If I take the same setup as mentioned above, and set up a volume on a RHEL9 host, forcibly reset the host, and then let the system come back up, the VDO volume starts with an automatic recovery and no manual intervention required. It is specifically the act of trying to move the dirty volume from RHEL9 to the upstream version that causes this particular behavior.
I don't believe this is particularly a new thing with VDO volumes. We've always had an "upgrade" when moving from one version to the next. Though, I can't say that I've seen the issue where simply attempting to start a dirty volume on the new version would cause it to require a force-rebuild. That's something I need to talk with the team about a bit more.

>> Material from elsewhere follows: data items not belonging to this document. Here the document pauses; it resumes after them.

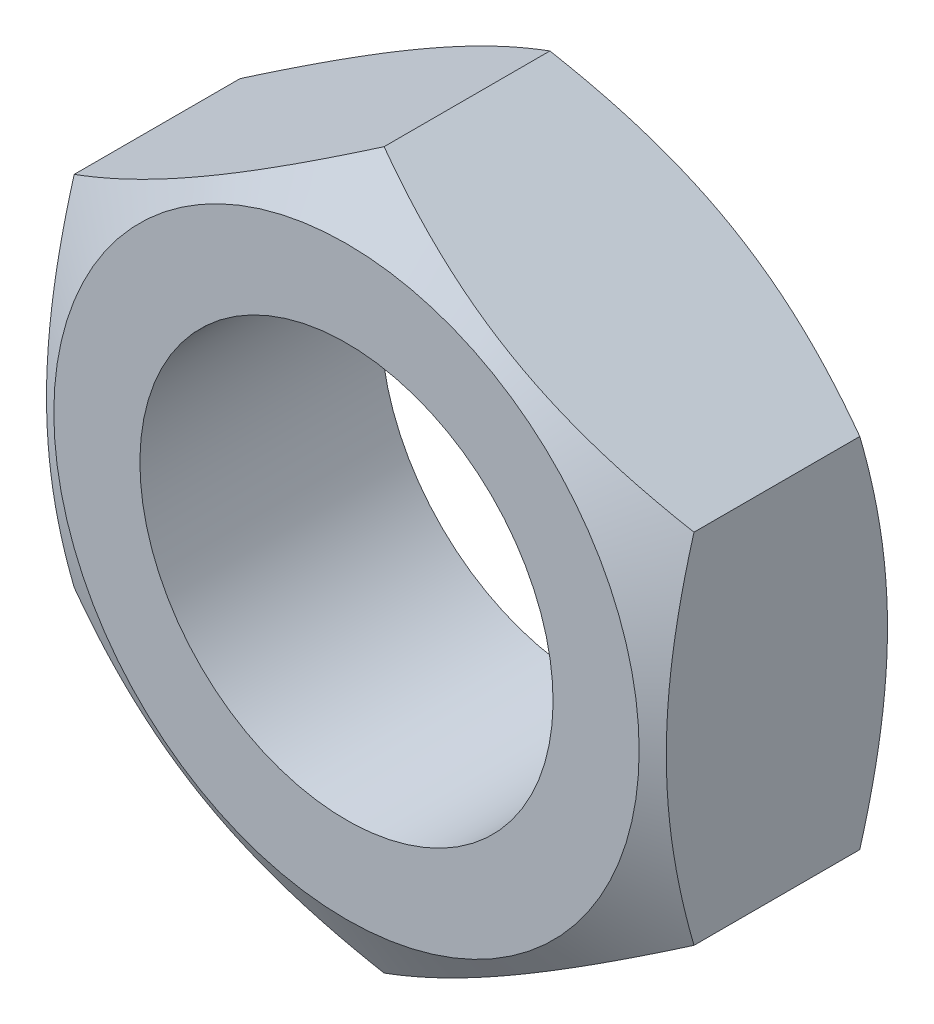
ISO-10303-21;
HEADER;
FILE_DESCRIPTION(('STEP AP214'),'2;1');
FILE_NAME('part.step','',(''),(''),'','','');
FILE_SCHEMA(('AUTOMOTIVE_DESIGN { 1 0 10303 214 1 1 1 1 }'));
ENDSEC;
DATA;
#1=APPLICATION_CONTEXT('core data for automotive mechanical design processes');
#2=APPLICATION_PROTOCOL_DEFINITION('international standard','automotive_design',2000,#1);
#3=PRODUCT_CONTEXT('',#1,'mechanical');
#4=PRODUCT('Part','Part','',(#3));
#5=PRODUCT_RELATED_PRODUCT_CATEGORY('part','',(#4));
#6=PRODUCT_DEFINITION_FORMATION('','',#4);
#7=PRODUCT_DEFINITION_CONTEXT('part definition',#1,'design');
#8=PRODUCT_DEFINITION('design','',#6,#7);
#9=PRODUCT_DEFINITION_SHAPE('','',#8);
#10=(LENGTH_UNIT() NAMED_UNIT(*) SI_UNIT(.MILLI.,.METRE.));
#11=(NAMED_UNIT(*) PLANE_ANGLE_UNIT() SI_UNIT($,.RADIAN.));
#12=(NAMED_UNIT(*) SI_UNIT($,.STERADIAN.) SOLID_ANGLE_UNIT());
#13=UNCERTAINTY_MEASURE_WITH_UNIT(LENGTH_MEASURE(1.E-05),#10,'distance_accuracy_value','');
#14=(GEOMETRIC_REPRESENTATION_CONTEXT(3) GLOBAL_UNCERTAINTY_ASSIGNED_CONTEXT((#13)) GLOBAL_UNIT_ASSIGNED_CONTEXT((#10,
#11,#12)) REPRESENTATION_CONTEXT('',''));
#15=CARTESIAN_POINT('',(0.,0.,0.));
#16=DIRECTION('',(0.,0.,1.));
#17=DIRECTION('',(1.,0.,0.));
#18=AXIS2_PLACEMENT_3D('',#15,#16,#17);
#19=CARTESIAN_POINT('',(18.,-10.3923048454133,21.));
#20=DIRECTION('',(0.5,-0.866025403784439,0.));
#21=DIRECTION('',(0.,0.,1.));
#22=AXIS2_PLACEMENT_3D('',#19,#20,#21);
#23=PLANE('',#22);
#24=CARTESIAN_POINT('',(33.1013058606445,-1.67356184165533,4.67949657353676));
#25=CARTESIAN_POINT('',(32.7611949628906,-1.86992496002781,4.86988083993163));
#26=CARTESIAN_POINT('',(32.4206829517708,-2.06651966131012,5.05930922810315));
#27=CARTESIAN_POINT('',(31.7387729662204,-2.46022057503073,5.43603758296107));
#28=CARTESIAN_POINT('',(31.3973749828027,-2.65732679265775,5.62333752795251));
#29=CARTESIAN_POINT('',(30.3716345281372,-3.24953832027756,6.18176961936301));
#30=CARTESIAN_POINT('',(29.6858473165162,-3.64547775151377,6.54937689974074));
#31=CARTESIAN_POINT('',(28.3058912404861,-4.44219576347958,7.27494989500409));
#32=CARTESIAN_POINT('',(27.6116970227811,-4.84298898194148,7.63285147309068));
#33=CARTESIAN_POINT('',(26.2177618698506,-5.64777781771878,8.33389910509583));
#34=CARTESIAN_POINT('',(25.5180212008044,-6.05177328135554,8.67704586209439));
#35=CARTESIAN_POINT('',(24.089603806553,-6.87647044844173,9.35525301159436));
#36=CARTESIAN_POINT('',(23.3607123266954,-7.29729614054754,9.68971348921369));
#37=CARTESIAN_POINT('',(21.8943694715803,-8.1438895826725,10.3331153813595));
#38=CARTESIAN_POINT('',(21.1569171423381,-8.56965788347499,10.6420539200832));
#39=CARTESIAN_POINT('',(19.6737078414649,-9.4259891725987,11.2262348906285));
#40=CARTESIAN_POINT('',(18.9279714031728,-9.85654030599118,11.5015462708));
#41=CARTESIAN_POINT('',(17.4257309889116,-10.7238592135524,12.0095975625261));
#42=CARTESIAN_POINT('',(16.6692305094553,-11.1606249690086,12.2423509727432));
#43=CARTESIAN_POINT('',(15.5283621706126,-11.8193056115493,12.5504656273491));
#44=CARTESIAN_POINT('',(15.1480817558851,-12.0388606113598,12.6461323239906));
#45=CARTESIAN_POINT('',(14.3849364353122,-12.4794627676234,12.8226446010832));
#46=CARTESIAN_POINT('',(14.002071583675,-12.7005098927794,12.9034904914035));
#47=CARTESIAN_POINT('',(13.234033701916,-13.1439367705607,13.048927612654));
#48=CARTESIAN_POINT('',(12.8488607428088,-13.3663164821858,13.1135193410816));
#49=CARTESIAN_POINT('',(12.0765995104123,-13.8121817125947,13.2251605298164));
#50=CARTESIAN_POINT('',(11.6895112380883,-14.0356672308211,13.2722099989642));
#51=CARTESIAN_POINT('',(10.9190041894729,-14.4805196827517,13.3472426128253));
#52=CARTESIAN_POINT('',(10.5356030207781,-14.7018764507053,13.3754653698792));
#53=CARTESIAN_POINT('',(9.76811172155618,-15.1449877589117,13.4131695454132));
#54=CARTESIAN_POINT('',(9.38402160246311,-15.3667422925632,13.4226512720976));
#55=CARTESIAN_POINT('',(8.6158361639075,-15.8102543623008,13.4226481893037));
#56=CARTESIAN_POINT('',(8.23174084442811,-16.0320118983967,13.41316322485));
#57=CARTESIAN_POINT('',(7.46423669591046,-16.4751306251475,13.3754565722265));
#58=CARTESIAN_POINT('',(7.08082789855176,-16.6964917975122,13.3472340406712));
#59=CARTESIAN_POINT('',(6.15715295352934,-17.2297757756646,13.2572670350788));
#60=CARTESIAN_POINT('',(5.61753522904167,-17.5413242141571,13.1864897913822));
#61=CARTESIAN_POINT('',(4.54235004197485,-18.1620826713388,13.0116941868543));
#62=CARTESIAN_POINT('',(4.00678314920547,-18.4712923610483,12.9076712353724));
#63=CARTESIAN_POINT('',(2.94019543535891,-19.0870870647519,12.6700847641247));
#64=CARTESIAN_POINT('',(2.40917853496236,-19.3936698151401,12.5364979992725));
#65=CARTESIAN_POINT('',(1.35249346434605,-20.0037472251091,12.243855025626));
#66=CARTESIAN_POINT('',(0.826825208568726,-20.3072419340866,12.0847992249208));
#67=CARTESIAN_POINT('',(-0.230723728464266,-20.9178180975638,11.7413233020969));
#68=CARTESIAN_POINT('',(-0.762486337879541,-21.2248313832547,11.556421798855));
#69=CARTESIAN_POINT('',(-1.82077201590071,-21.8358329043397,11.1677046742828));
#70=CARTESIAN_POINT('',(-2.34729505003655,-22.1398211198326,10.9638889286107));
#71=CARTESIAN_POINT('',(-3.39536516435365,-22.7449246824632,10.540562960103));
#72=CARTESIAN_POINT('',(-3.91691386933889,-23.0460409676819,10.3210580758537));
#73=CARTESIAN_POINT('',(-4.95570000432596,-23.6457844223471,9.86891767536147));
#74=CARTESIAN_POINT('',(-5.4729374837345,-23.9444116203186,9.63628230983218));
#75=CARTESIAN_POINT('',(-6.68947904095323,-24.6467822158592,9.0741737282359));
#76=CARTESIAN_POINT('',(-7.38716429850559,-25.0495909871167,8.74003626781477));
#77=CARTESIAN_POINT('',(-8.77665355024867,-25.8518129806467,8.05579037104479));
#78=CARTESIAN_POINT('',(-9.46845718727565,-26.2512259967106,7.70568097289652));
#79=CARTESIAN_POINT('',(-10.847275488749,-27.0472871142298,6.99268051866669));
#80=CARTESIAN_POINT('',(-11.5342890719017,-27.4439345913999,6.62978668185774));
#81=CARTESIAN_POINT('',(-12.9041740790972,-28.234838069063,5.89378778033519));
#82=CARTESIAN_POINT('',(-13.5870455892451,-28.6290941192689,5.52068292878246));
#83=CARTESIAN_POINT('',(-14.9500649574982,-29.4160337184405,4.76575939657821));
#84=CARTESIAN_POINT('',(-15.6302090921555,-29.8087151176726,4.38393176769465));
#85=CARTESIAN_POINT('',(-16.9875850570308,-30.5923964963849,3.61343696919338));
#86=CARTESIAN_POINT('',(-17.6648168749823,-30.983396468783,3.22476977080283));
#87=CARTESIAN_POINT('',(-19.0167312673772,-31.7639246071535,2.44181302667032));
#88=CARTESIAN_POINT('',(-19.6914141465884,-32.1534529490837,2.04752418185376));
#89=CARTESIAN_POINT('',(-21.038678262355,-32.9312962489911,1.25419602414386));
#90=CARTESIAN_POINT('',(-21.7112595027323,-33.3196112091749,0.855156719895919));
#91=CARTESIAN_POINT('',(-23.6143370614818,-34.4183535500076,-0.281092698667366));
#92=CARTESIAN_POINT('',(-24.8427217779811,-35.1275617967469,-1.02301830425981));
#93=CARTESIAN_POINT('',(-27.2949471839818,-36.543354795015,-2.51691004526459));
#94=CARTESIAN_POINT('',(-28.5187877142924,-37.249939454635,-3.26887652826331));
#95=CARTESIAN_POINT('',(-30.9599093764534,-38.6593217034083,-4.77865240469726));
#96=CARTESIAN_POINT('',(-32.1771992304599,-39.3621243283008,-5.53644300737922));
#97=CARTESIAN_POINT('',(-34.000989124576,-40.415089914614,-6.67760390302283));
#98=CARTESIAN_POINT('',(-34.6085455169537,-40.7658627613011,-7.0587265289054));
#99=CARTESIAN_POINT('',(-35.823024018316,-41.4670422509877,-7.82231443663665));
#100=CARTESIAN_POINT('',(-36.4299461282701,-41.8174488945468,-8.20477971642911));
#101=CARTESIAN_POINT('',(-37.036586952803,-42.1676931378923,-8.58783911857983));
#102=B_SPLINE_CURVE_WITH_KNOTS('',3,(#24,#25,#26,#27,#28,#29,#30,#31,#32,#33,#34,#35,#36,#37,
#38,#39,#40,#41,#42,#43,#44,#45,#46,#47,#48,#49,#50,#51,#52,#53,#54,#55,#56,#57,#58,#59,#60,#61,
#62,#63,#64,#65,#66,#67,#68,#69,#70,#71,#72,#73,#74,#75,#76,#77,#78,#79,#80,#81,#82,#83,#84,#85,
#86,#87,#88,#89,#90,#91,#92,#93,#94,#95,#96,#97,#98,#99,#100,#101),.UNSPECIFIED.,.F.,.F.,(4,2,2,
2,2,2,2,2,2,2,2,2,2,2,2,2,2,2,2,2,2,2,2,2,2,2,2,2,2,2,2,2,2,2,2,2,2,2,4),(0.,1.3093182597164,
2.61864985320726,5.23770498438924,7.87116263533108,10.5044946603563,13.2211931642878,
15.9381973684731,18.6495336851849,21.3600085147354,22.708030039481,24.0560233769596,
25.4039754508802,26.7519268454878,28.082377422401,29.4128061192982,30.7432456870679,
32.0737451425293,33.9540142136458,35.8345430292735,37.7165557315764,39.5985382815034,
41.5219602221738,43.4453948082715,45.368177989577,47.2909391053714,49.907193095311,
52.5236048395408,55.1405892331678,57.7575190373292,60.3772660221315,62.9970240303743,
65.6164582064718,68.2358876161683,73.0380377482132,77.8403545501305,82.630924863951,
85.0260829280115,87.4212373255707),.UNSPECIFIED.);
#103=CARTESIAN_POINT('',(0.,-20.7846096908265,11.8149545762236));
#104=VERTEX_POINT('',#103);
#105=CARTESIAN_POINT('',(18.,-10.3923048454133,11.8149545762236));
#106=VERTEX_POINT('',#105);
#107=EDGE_CURVE('E74',#104,#106,#102,.F.);
#108=ORIENTED_EDGE('',*,*,#107,.F.);
#109=DIRECTION('',(0.,0.,-1.));
#110=VECTOR('',#109,1.);
#111=CARTESIAN_POINT('',(0.,-20.7846096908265,21.));
#112=LINE('',#111,#110);
#113=CARTESIAN_POINT('',(0.,-20.7846096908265,2.18504542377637));
#114=VERTEX_POINT('',#113);
#115=EDGE_CURVE('E43',#104,#114,#112,.T.);
#116=ORIENTED_EDGE('',*,*,#115,.T.);
#117=CARTESIAN_POINT('',(33.1501142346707,-1.64538231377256,9.34783364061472));
#118=CARTESIAN_POINT('',(32.8098002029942,-1.84186271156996,9.15722210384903));
#119=CARTESIAN_POINT('',(32.469086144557,-2.0385740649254,8.96756328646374));
#120=CARTESIAN_POINT('',(31.7867744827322,-2.43250688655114,8.59036692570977));
#121=CARTESIAN_POINT('',(31.445176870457,-2.62972835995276,8.40282940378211));
#122=CARTESIAN_POINT('',(30.4188421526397,-3.22228298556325,7.84367291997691));
#123=CARTESIAN_POINT('',(29.7326642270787,-3.61844799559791,7.47556680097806));
#124=CARTESIAN_POINT('',(28.3519619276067,-4.41559683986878,6.74896572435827));
#125=CARTESIAN_POINT('',(27.6574124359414,-4.81659517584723,6.39053425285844));
#126=CARTESIAN_POINT('',(26.2627810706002,-5.6217859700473,5.68837276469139));
#127=CARTESIAN_POINT('',(25.5626994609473,-6.02597827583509,5.34464205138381));
#128=CARTESIAN_POINT('',(24.1334128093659,-6.85117730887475,4.66508646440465));
#129=CARTESIAN_POINT('',(23.4039916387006,-7.27230881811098,4.32986452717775));
#130=CARTESIAN_POINT('',(21.936601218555,-8.1195070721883,3.68486026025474));
#131=CARTESIAN_POINT('',(21.1986310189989,-8.54557436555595,3.37508078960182));
#132=CARTESIAN_POINT('',(19.7143818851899,-9.40250600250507,2.78911928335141));
#133=CARTESIAN_POINT('',(18.9681233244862,-9.83335858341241,2.51286899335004));
#134=CARTESIAN_POINT('',(17.4648308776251,-10.7012848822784,2.002833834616));
#135=CARTESIAN_POINT('',(16.7078004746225,-11.1383565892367,1.76903556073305));
#136=CARTESIAN_POINT('',(15.5661314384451,-11.7974995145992,1.45928805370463));
#137=CARTESIAN_POINT('',(15.1855920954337,-12.0172040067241,1.3630693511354));
#138=CARTESIAN_POINT('',(14.4219178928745,-12.4581115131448,1.18543230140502));
#139=CARTESIAN_POINT('',(14.0387830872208,-12.6793144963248,1.10401364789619));
#140=CARTESIAN_POINT('',(13.270191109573,-13.1230612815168,0.957417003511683));
#141=CARTESIAN_POINT('',(12.8847340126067,-13.3456050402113,0.892238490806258));
#142=CARTESIAN_POINT('',(12.1118862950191,-13.7918088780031,0.779419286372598));
#143=CARTESIAN_POINT('',(11.7244956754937,-14.0154689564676,0.731778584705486));
#144=CARTESIAN_POINT('',(10.9533918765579,-14.4606659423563,0.655581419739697));
#145=CARTESIAN_POINT('',(10.5696966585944,-14.6821924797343,0.626784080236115));
#146=CARTESIAN_POINT('',(9.80159629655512,-15.1256554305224,0.587949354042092));
#147=CARTESIAN_POINT('',(9.41719116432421,-15.3475918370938,0.577911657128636));
#148=CARTESIAN_POINT('',(8.64835590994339,-15.791479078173,0.576834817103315));
#149=CARTESIAN_POINT('',(8.26392578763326,-16.0134299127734,0.58579581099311));
#150=CARTESIAN_POINT('',(7.49573449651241,-16.4569453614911,0.62249843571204));
#151=CARTESIAN_POINT('',(7.11197335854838,-16.6785099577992,0.650240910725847));
#152=CARTESIAN_POINT('',(6.18894639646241,-17.2114198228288,0.738967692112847));
#153=CARTESIAN_POINT('',(5.65031508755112,-17.5223987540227,0.808909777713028));
#154=CARTESIAN_POINT('',(4.57706304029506,-18.1420411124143,0.981977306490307));
#155=CARTESIAN_POINT('',(4.04244286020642,-18.4507042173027,1.08510728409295));
#156=CARTESIAN_POINT('',(2.97771929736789,-19.06542265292,1.32088193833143));
#157=CARTESIAN_POINT('',(2.44761977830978,-19.3714757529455,1.45354965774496));
#158=CARTESIAN_POINT('',(1.39274450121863,-19.9805082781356,1.74435350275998));
#159=CARTESIAN_POINT('',(0.86796866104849,-20.283487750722,1.90248923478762));
#160=CARTESIAN_POINT('',(-0.187840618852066,-20.8930595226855,2.24413402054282));
#161=CARTESIAN_POINT('',(-0.718755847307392,-21.1995835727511,2.42812680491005));
#162=CARTESIAN_POINT('',(-1.77535556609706,-21.80961170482,2.81505170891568));
#163=CARTESIAN_POINT('',(-2.30104002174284,-22.1131157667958,3.01798395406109));
#164=CARTESIAN_POINT('',(-3.34743970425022,-22.7172549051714,3.43957168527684));
#165=CARTESIAN_POINT('',(-3.86815652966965,-23.0178909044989,3.65822190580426));
#166=CARTESIAN_POINT('',(-4.90527872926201,-23.6166736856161,4.10868007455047));
#167=CARTESIAN_POINT('',(-5.42168415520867,-23.9148204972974,4.34048786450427));
#168=CARTESIAN_POINT('',(-6.64582749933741,-24.6215799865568,4.90508424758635));
#169=CARTESIAN_POINT('',(-7.35184912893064,-25.0292017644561,5.24282717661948));
#170=CARTESIAN_POINT('',(-8.75785890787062,-25.8409618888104,5.93470997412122));
#171=CARTESIAN_POINT('',(-9.45784667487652,-26.2451000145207,6.28885087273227));
#172=CARTESIAN_POINT('',(-10.8529233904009,-27.0505479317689,7.01022148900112));
#173=CARTESIAN_POINT('',(-11.5480111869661,-27.4518570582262,7.37745416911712));
#174=CARTESIAN_POINT('',(-12.933954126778,-28.2520315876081,8.12234792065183));
#175=CARTESIAN_POINT('',(-13.6248093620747,-28.6508970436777,8.50000876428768));
#176=CARTESIAN_POINT('',(-15.0037583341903,-29.4470336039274,9.26421902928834));
#177=CARTESIAN_POINT('',(-15.6918481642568,-29.8443024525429,9.65077783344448));
#178=CARTESIAN_POINT('',(-17.0650638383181,-30.6371288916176,10.430851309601));
#179=CARTESIAN_POINT('',(-17.7501896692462,-31.0326864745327,10.8243660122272));
#180=CARTESIAN_POINT('',(-19.1178482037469,-31.8223044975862,11.6171011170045));
#181=CARTESIAN_POINT('',(-19.8003812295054,-32.2163651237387,12.016320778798));
#182=CARTESIAN_POINT('',(-21.1633153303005,-33.0032554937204,12.819574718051));
#183=CARTESIAN_POINT('',(-21.8437164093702,-33.3960852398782,13.2236089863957));
#184=CARTESIAN_POINT('',(-23.7672028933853,-34.506610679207,14.3730539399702));
#185=CARTESIAN_POINT('',(-25.0081578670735,-35.223076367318,15.1232179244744));
#186=CARTESIAN_POINT('',(-27.4854889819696,-36.6533641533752,16.6336600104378));
#187=CARTESIAN_POINT('',(-28.7218649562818,-37.3671861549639,17.3939384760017));
#188=CARTESIAN_POINT('',(-31.1879298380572,-38.790969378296,18.920315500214));
#189=CARTESIAN_POINT('',(-32.417627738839,-39.5009357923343,19.6863946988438));
#190=CARTESIAN_POINT('',(-34.2600181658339,-40.5646404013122,20.8400066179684));
#191=CARTESIAN_POINT('',(-34.8737722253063,-40.9189914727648,21.2252822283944));
#192=CARTESIAN_POINT('',(-36.1006433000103,-41.6273258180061,21.9971810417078));
#193=CARTESIAN_POINT('',(-36.71376031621,-41.9813090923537,22.3838042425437));
#194=CARTESIAN_POINT('',(-37.3265950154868,-42.33512937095,22.7710233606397));
#195=B_SPLINE_CURVE_WITH_KNOTS('',3,(#117,#118,#119,#120,#121,#122,#123,#124,#125,#126,#127,
#128,#129,#130,#131,#132,#133,#134,#135,#136,#137,#138,#139,#140,#141,#142,#143,#144,#145,#146,
#147,#148,#149,#150,#151,#152,#153,#154,#155,#156,#157,#158,#159,#160,#161,#162,#163,#164,#165,
#166,#167,#168,#169,#170,#171,#172,#173,#174,#175,#176,#177,#178,#179,#180,#181,#182,#183,#184,
#185,#186,#187,#188,#189,#190,#191,#192,#193,#194),.UNSPECIFIED.,.F.,.F.,(4,2,2,2,2,2,2,2,2,2,2,
2,2,2,2,2,2,2,2,2,2,2,2,2,2,2,2,2,2,2,2,2,2,2,2,2,2,2,4),(0.,1.31024892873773,2.62051108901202,
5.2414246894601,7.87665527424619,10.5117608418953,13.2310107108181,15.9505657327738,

First of all thank you for your efforts and work, this is just great!
On the bright side: performance seems improved :) I went from 2000MB/s max throughput to 3500 (non vdo partition is still about 5000 MB/s though, so I guess there is some room left for improvements). Max IOPS is about 400000 which is in line with the non vdo partition.
On the not so bright side: at first everyting just worked with 6.9 but after some onrelated reboots to the old dkms vdo and some fiddling with my system I too faced the read only problem mentioned above. What finally helped me was firstly I was lucky enough to have included the vdo userspace tools in my initramfs and second that I managed to figure out the right vdoforcerebuild command:
vdoforcerebuild /dev/mapper/neo-vpool0_vdata
You can forget about that neo part :) But the rest seems important: you don't point it to your virtual combined LV device but rather to the underlying data LV ... right?
In the end nothing was lost and I'm happy now :+1: Perhaps this is of use to others.
That is correct. vdoforcerebuild, and most of the other userspace tools, must operate directly on the pool_data device.
Thanks for your kind words, and I'm glad it's working out for you.
After reading the 6.9-rc1 update notice from Linus, I was excited to know that KVDO has been finally merged to the Linux kernel. But unfortunately, I'm not able to use any of my production VDO devices with it. The recovery journal is in old format, and as I got, there is no way to bring the devices up for r/w without re-creating them and copying terabytes of data.
I don't understand why you change the format of journal without writing a conversion code for it. What is the reason behind doing it? I can't use the in-kernel KVDO because of that. Is it true that everyone will now have to re-create the VDO devices from scratch, and copy all the data over?